> [AIM OF THE TASK]: Repeat only the stretch of lines below that runs from the line with "circle A27 centre (-550, 4.5) radius 3" through the line with "circle A44 centre (-890, 4.5) radius 3", unaltered.

*** Opening of DATA SHOWN ***

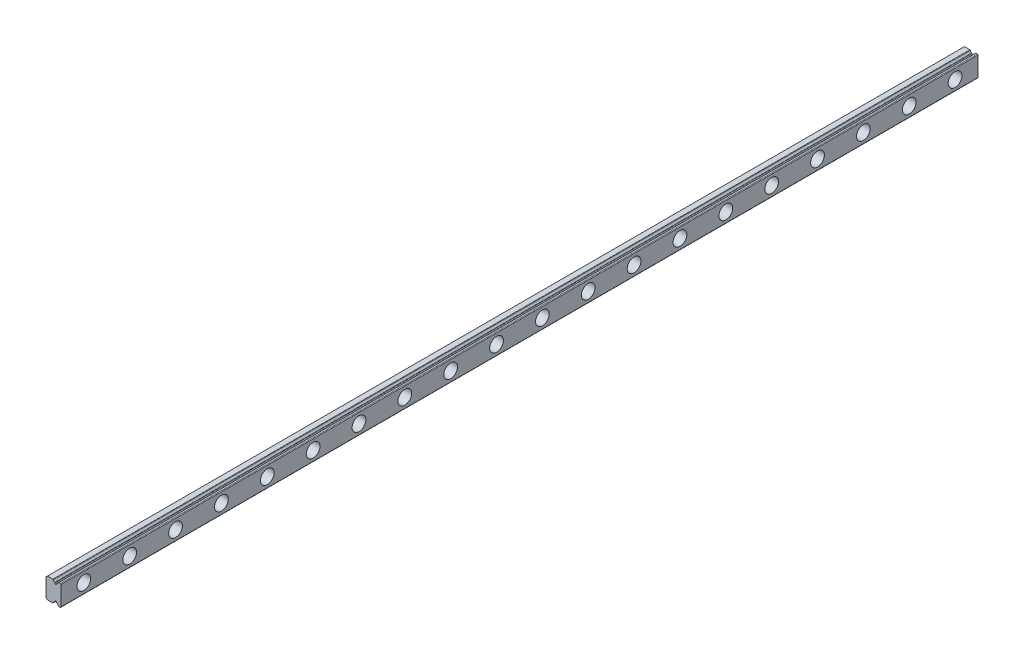
SolidWorks part; units mm, degrees
material "AISI 304"
ref_plane "前视基准面" through (0, 0, 0) normal (0, 0, 1) x (1, 0, 0)
ref_plane "上视基准面" through (0, 0, 0) normal (0, 1, 0) x (1, 0, 0)
ref_plane "右视基准面" through (0, 0, 0) normal (1, 0, 0) x (0, 0, -1)
sketch "草图1" plane through (0, 0, 0) normal (0, 0, 1) x (1, 0, 0)
  line L0 (0, 8.4) -> (0.6, 9)
  line L1 (0.6, 0) -> (2.9423, 0)
  line L2 (0, 0.6) -> (0, 8.4)
  line L3 (0.6, 9) -> (2.9423, 9)
  line L4 (6.5, 0.3) -> (6.5, 8.7)
  line L5 (0, 0.6) -> (0.6, 0)
  line L6 (4.25, 9) -> (4.25, 8) construction
  line L7 (4.25, 9) -> (4.25, 9.3) construction
  line L8 (3.85, 8) -> (3.85, 8.0351)
  line L9 (4.65, 8) -> (4.65, 8.0351)
  line L10 (5.5577, 9) -> (6.2, 9)
  line L11 (6.5, 4.5) -> (0, 4.5) construction
  line L12 (3.85, 8) -> (3.85, 8.0351)
  line L13 (4.65, 8) -> (4.65, 8.0351)
  line L14 (4.25, 0) -> (4.25, -0.3) construction
  line L15 (4.25, 0) -> (4.25, 1) construction
  line L16 (4.65, 1) -> (4.65, 0.9649)
  line L17 (3.85, 1) -> (3.85, 0.9649)
  line L18 (4.65, 1) -> (4.65, 0.9649)
  line L19 (3.85, 1) -> (3.85, 0.9649)
  line L20 (5.5577, 0) -> (6.2, 0)
  arc A0 (3.85, 8) -> (4.65, 8) centre (4.25, 8) ccw
  arc A1 (3.1291, 8.8714) -> (3.7357, 8.2158) centre (4.25, 9.3) ccw
  arc A2 (4.7643, 8.2158) -> (5.3709, 8.8714) centre (4.25, 9.3) ccw
  arc A3 (5.3709, 8.8714) -> (5.5577, 9) centre (5.5577, 8.8) cw
  arc A4 (4.65, 8.0351) -> (4.7643, 8.2158) centre (4.85, 8.0351) cw
  arc A5 (3.85, 8.0351) -> (3.7357, 8.2158) centre (3.65, 8.0351) ccw
  arc A6 (3.1291, 8.8714) -> (2.9423, 9) centre (2.9423, 8.8) ccw
  arc A7 (3.1291, 8.8714) -> (2.9423, 9) centre (2.9423, 8.8) ccw
  arc A8 (5.3709, 8.8714) -> (5.5577, 9) centre (5.5577, 8.8) cw
  arc A9 (4.65, 8.0351) -> (4.7643, 8.2158) centre (4.85, 8.0351) cw
  arc A10 (3.85, 8.0351) -> (3.7357, 8.2158) centre (3.65, 8.0351) ccw
  arc A11 (3.7357, 8.2158) -> (3.1291, 8.8714) centre (4.25, 9.3) cw
  arc A12 (5.3709, 8.8714) -> (4.7643, 8.2158) centre (4.25, 9.3) cw
  arc A13 (5.3709, 0.1286) -> (5.5577, 0) centre (5.5577, 0.2) ccw
  arc A14 (3.1291, 0.1286) -> (2.9423, 0) centre (2.9423, 0.2) cw
  arc A15 (5.3709, 0.1286) -> (4.7643, 0.7842) centre (4.25, -0.3) ccw
  arc A16 (3.7357, 0.7842) -> (3.1291, 0.1286) centre (4.25, -0.3) ccw
  arc A17 (3.85, 0.9649) -> (3.7357, 0.7842) centre (3.65, 0.9649) cw
  arc A18 (4.65, 0.9649) -> (4.7643, 0.7842) centre (4.85, 0.9649) ccw
  arc A19 (3.85, 0.9649) -> (3.7357, 0.7842) centre (3.65, 0.9649) cw
  arc A20 (4.65, 0.9649) -> (4.7643, 0.7842) centre (4.85, 0.9649) ccw
  arc A21 (4.7643, 0.7842) -> (5.3709, 0.1286) centre (4.25, -0.3) cw
  arc A22 (3.1291, 0.1286) -> (3.7357, 0.7842) centre (4.25, -0.3) cw
  arc A23 (3.85, 1) -> (4.65, 1) centre (4.25, 1) cw
  arc A24 (6.2, 0) -> (6.5, 0.3) centre (6.2, 0.3) ccw
  arc A25 (6.2, 9) -> (6.5, 8.7) centre (6.2, 8.7) cw
  point P0 (0, 0)
  point P2 (0, 9)
  point P24 (5.4119, 9)
  point P27 (4.65, 8.1686)
  point P49 (4.65, 0.8314)
  point P50 (5.4119, 0)
  point P53 (6.5, 0)
  dimension "D3" = 1
  dimension "D7" = 0.8
  dimension "D9" = 2.4
  dimension "D10" = 0.2
  dimension "D11" = 0.3
  dimension "D1" = 6.5
  dimension "D2" = 9
  dimension "D4" = 2.25
  dimension "D8" = 0.3
extrude "凸台-拉伸1" add sketch "草图1" along normal blind 400 contours A25 L10 A3 A2 A4 L9 A0 L8 A5 A1 A6 L3 L0 L2 L5 L1 A14 A16 A17 L17 A23 L16 A18 A15 A13 L20 A24 L4
sketch "草图2" plane through (6.5, 0, 0) normal (1, 0, 0) x (0, 0, -1)
  line L0 (-400, 4.5) -> (-390, 4.5) construction
  line L1 (-400, 0.3) -> (-400, 8.7) construction
  line L2 (-390, 4.5) -> (-10, 4.5) construction
  line L3 (-10, 4.5) -> (0, 4.5) construction
  line L4 (0, 0.3) -> (0, 8.7) construction
  line L5 (-10, 4.5) -> (-30, 4.5) construction
  circle A0 centre (-10, 4.5) radius 3
  circle A1 centre (-30, 4.5) radius 3
  circle A2 centre (-50, 4.5) radius 3
  circle A3 centre (-70, 4.5) radius 3
  circle A4 centre (-90, 4.5) radius 3
  circle A5 centre (-110, 4.5) radius 3
  circle A6 centre (-130, 4.5) radius 3
  circle A7 centre (-150, 4.5) radius 3
  circle A8 centre (-170, 4.5) radius 3
  circle A9 centre (-190, 4.5) radius 3
  circle A10 centre (-210, 4.5) radius 3
  circle A11 centre (-230, 4.5) radius 3
  circle A12 centre (-250, 4.5) radius 3
  circle A13 centre (-270, 4.5) radius 3
  circle A14 centre (-290, 4.5) radius 3
  circle A15 centre (-310, 4.5) radius 3
  circle A16 centre (-330, 4.5) radius 3
  circle A17 centre (-350, 4.5) radius 3
  circle A18 centre (-370, 4.5) radius 3
  circle A19 centre (-390, 4.5) radius 3
  circle A20 centre (-410, 4.5) radius 3
  circle A21 centre (-430, 4.5) radius 3
  circle A22 centre (-450, 4.5) radius 3
  circle A23 centre (-470, 4.5) radius 3
  circle A24 centre (-490, 4.5) radius 3
  circle A25 centre (-510, 4.5) radius 3
  circle A26 centre (-530, 4.5) radius 3
  circle A27 centre (-550, 4.5) radius 3
  circle A28 centre (-570, 4.5) radius 3
  circle A29 centre (-590, 4.5) radius 3
  circle A30 centre (-610, 4.5) radius 3
  circle A31 centre (-630, 4.5) radius 3
  circle A32 centre (-650, 4.5) radius 3
  circle A33 centre (-670, 4.5) radius 3
  circle A34 centre (-690, 4.5) radius 3
  circle A35 centre (-710, 4.5) radius 3
  circle A36 centre (-730, 4.5) radius 3
  circle A37 centre (-750, 4.5) radius 3
  circle A38 centre (-770, 4.5) radius 3
  circle A39 centre (-790, 4.5) radius 3
  circle A40 centre (-810, 4.5) radius 3
  circle A41 centre (-830, 4.5) radius 3
  circle A42 centre (-850, 4.5) radius 3
  circle A43 centre (-870, 4.5) radius 3
  circle A44 centre (-890, 4.5) radius 3
  circle A45 centre (-910, 4.5) radius 3
  circle A46 centre (-930, 4.5) radius 3
  circle A47 centre (-950, 4.5) radius 3
  circle A48 centre (-970, 4.5) radius 3
  circle A49 centre (-990, 4.5) radius 3
  circle A50 centre (-1010, 4.5) radius 3
  circle A51 centre (-1030, 4.5) radius 3
  circle A52 centre (-1050, 4.5) radius 3
  circle A53 centre (-1070, 4.5) radius 3
  circle A54 centre (-1090, 4.5) radius 3
  circle A55 centre (-1110, 4.5) radius 3
  circle A56 centre (-1130, 4.5) radius 3
  circle A57 centre (-1150, 4.5) radius 3
  circle A58 centre (-1170, 4.5) radius 3
  circle A59 centre (-1190, 4.5) radius 3
  circle A60 centre (-1210, 4.5) radius 3
  circle A61 centre (-1230, 4.5) radius 3
  circle A62 centre (-1250, 4.5) radius 3
  circle A63 centre (-1270, 4.5) radius 3
  circle A64 centre (-1290, 4.5) radius 3
  circle A65 centre (-1310, 4.5) radius 3
  circle A66 centre (-1330, 4.5) radius 3
  circle A67 centre (-1350, 4.5) radius 3
  circle A68 centre (-1370, 4.5) radius 3
  circle A69 centre (-1390, 4.5) radius 3
  circle A70 centre (-1410, 4.5) radius 3
  circle A71 centre (-1430, 4.5) radius 3
  circle A72 centre (-1450, 4.5) radius 3
  circle A73 centre (-1470, 4.5) radius 3
  circle A74 centre (-1490, 4.5) radius 3
  circle A75 centre (-1510, 4.5) radius 3
  circle A76 centre (-1530, 4.5) radius 3
  circle A77 centre (-1550, 4.5) radius 3
  circle A78 centre (-1570, 4.5) radius 3
  circle A79 centre (-1590, 4.5) radius 3
  circle A80 centre (-1610, 4.5) radius 3
  circle A81 centre (-1630, 4.5) radius 3
  circle A82 centre (-1650, 4.5) radius 3
  circle A83 centre (-1670, 4.5) radius 3
  circle A84 centre (-1690, 4.5) radius 3
  circle A85 centre (-1710, 4.5) radius 3
  circle A86 centre (-1730, 4.5) radius 3
  circle A87 centre (-1750, 4.5) radius 3
  circle A88 centre (-1770, 4.5) radius 3
  circle A89 centre (-1790, 4.5) radius 3
  circle A90 centre (-1810, 4.5) radius 3
  circle A91 centre (-1830, 4.5) radius 3
  circle A92 centre (-1850, 4.5) radius 3
  circle A93 centre (-1870, 4.5) radius 3
  circle A94 centre (-1890, 4.5) radius 3
  circle A95 centre (-1910, 4.5) radius 3
  circle A96 centre (-1930, 4.5) radius 3
  circle A97 centre (-1950, 4.5) radius 3
  circle A98 centre (-1970, 4.5) radius 3
  circle A99 centre (-1990, 4.5) radius 3
  circle A100 centre (-2010, 4.5) radius 3
  circle A101 centre (-2030, 4.5) radius 3
  circle A102 centre (-2050, 4.5) radius 3
  circle A103 centre (-2070, 4.5) radius 3
  circle A104 centre (-2090, 4.5) radius 3
  circle A105 centre (-2110, 4.5) radius 3
  circle A106 centre (-2130, 4.5) radius 3
  circle A107 centre (-2150, 4.5) radius 3
  circle A108 centre (-2170, 4.5) radius 3
  circle A109 centre (-2190, 4.5) radius 3
  circle A110 centre (-2210, 4.5) radius 3
  circle A111 centre (-2230, 4.5) radius 3
  circle A112 centre (-2250, 4.5) radius 3
  circle A113 centre (-2270, 4.5) radius 3
  circle A114 centre (-2290, 4.5) radius 3
  circle A115 centre (-2310, 4.5) radius 3
  circle A116 centre (-2330, 4.5) radius 3
  circle A117 centre (-2350, 4.5) radius 3
  circle A118 centre (-2370, 4.5) radius 3
  circle A119 centre (-2390, 4.5) radius 3
  circle A120 centre (-2410, 4.5) radius 3
  circle A121 centre (-2430, 4.5) radius 3
  circle A122 centre (-2450, 4.5) radius 3
  circle A123 centre (-2470, 4.5) radius 3
  dimension "D2" = 6
  dimension "D1" = 10
  dimension "D4" = 20
  dimension "D3" = 25
  dimension "D5" = 100
extrude "切除-拉伸1" cut sketch "草图2" against normal blind 4.5
sketch "草图3" plane through (2, 0, 0) normal (1, 0, 0) x (0, 0, -1)
  line L0 (-10, 4.5) -> (-30, 4.5) construction
  circle A0 centre (-10, 4.5) radius 1.75
  circle A1 centre (-30, 4.5) radius 1.75
  circle A2 centre (-50, 4.5) radius 1.75
  circle A3 centre (-70, 4.5) radius 1.75
  circle A4 centre (-90, 4.5) radius 1.75
  circle A5 centre (-110, 4.5) radius 1.75
  circle A6 centre (-130, 4.5) radius 1.75
  circle A7 centre (-150, 4.5) radius 1.75
  circle A8 centre (-170, 4.5) radius 1.75
  circle A9 centre (-190, 4.5) radius 1.75
  circle A10 centre (-210, 4.5) radius 1.75
  circle A11 centre (-230, 4.5) radius 1.75
  circle A12 centre (-250, 4.5) radius 1.75
  circle A13 centre (-270, 4.5) radius 1.75
  circle A14 centre (-290, 4.5) radius 1.75
  circle A15 centre (-310, 4.5) radius 1.75
  circle A16 centre (-330, 4.5) radius 1.75
  circle A17 centre (-350, 4.5) radius 1.75
  circle A18 centre (-370, 4.5) radius 1.75
  circle A19 centre (-390, 4.5) radius 1.75
  circle A20 centre (-410, 4.5) radius 1.75
  circle A21 centre (-430, 4.5) radius 1.75
  circle A22 centre (-450, 4.5) radius 1.75
  circle A23 centre (-470, 4.5) radius 1.75
  circle A24 centre (-490, 4.5) radius 1.75
  circle A25 centre (-510, 4.5) radius 1.75
  circle A26 centre (-530, 4.5) radius 1.75
  circle A27 centre (-550, 4.5) radius 1.75
  circle A28 centre (-570, 4.5) radius 1.75
  circle A29 centre (-590, 4.5) radius 1.75
  circle A30 centre (-610, 4.5) radius 1.75
  circle A31 centre (-630, 4.5) radius 1.75
  circle A32 centre (-650, 4.5) radius 1.75
  circle A33 centre (-670, 4.5) radius 1.75
  circle A34 centre (-690, 4.5) radius 1.75
  circle A35 centre (-710, 4.5) radius 1.75
  circle A36 centre (-730, 4.5) radius 1.75
  circle A37 centre (-750, 4.5) radius 1.75
  circle A38 centre (-770, 4.5) radius 1.75
  circle A39 centre (-790, 4.5) radius 1.75
  circle A40 centre (-810, 4.5) radius 1.75
  circle A41 centre (-830, 4.5) radius 1.75
  circle A42 centre (-850, 4.5) radius 1.75
  circle A43 centre (-870, 4.5) radius 1.75
  circle A44 centre (-890, 4.5) radius 1.75
  circle A45 centre (-910, 4.5) radius 1.75
  circle A46 centre (-930, 4.5) radius 1.75
  circle A47 centre (-950, 4.5) radius 1.75
  circle A48 centre (-970, 4.5) radius 1.75
  circle A49 centre (-990, 4.5) radius 1.75
  circle A50 centre (-1010, 4.5) radius 1.75
  circle A51 centre (-1030, 4.5) radius 1.75
  circle A52 centre (-1050, 4.5) radius 1.75
  circle A53 centre (-1070, 4.5) radius 1.75
  dimension "D1" = 3.5
  dimension "D3" = 20
  dimension "D2" = 25
  dimension "D4" = 30
extrude "切除-拉伸2" cut sketch "草图3" against normal through all

*** Close of DATA SHOWN ***

> [EXERCISE ANSWER]:
  circle A27 centre (-550, 4.5) radius 3
  circle A28 centre (-570, 4.5) radius 3
  circle A29 centre (-590, 4.5) radius 3
  circle A30 centre (-610, 4.5) radius 3
  circle A31 centre (-630, 4.5) radius 3
  circle A32 centre (-650, 4.5) radius 3
  circle A33 centre (-670, 4.5) radius 3
  circle A34 centre (-690, 4.5) radius 3
  circle A35 centre (-710, 4.5) radius 3
  circle A36 centre (-730, 4.5) radius 3
  circle A37 centre (-750, 4.5) radius 3
  circle A38 centre (-770, 4.5) radius 3
  circle A39 centre (-790, 4.5) radius 3
  circle A40 centre (-810, 4.5) radius 3
  circle A41 centre (-830, 4.5) radius 3
  circle A42 centre (-850, 4.5) radius 3
  circle A43 centre (-870, 4.5) radius 3
  circle A44 centre (-890, 4.5) radius 3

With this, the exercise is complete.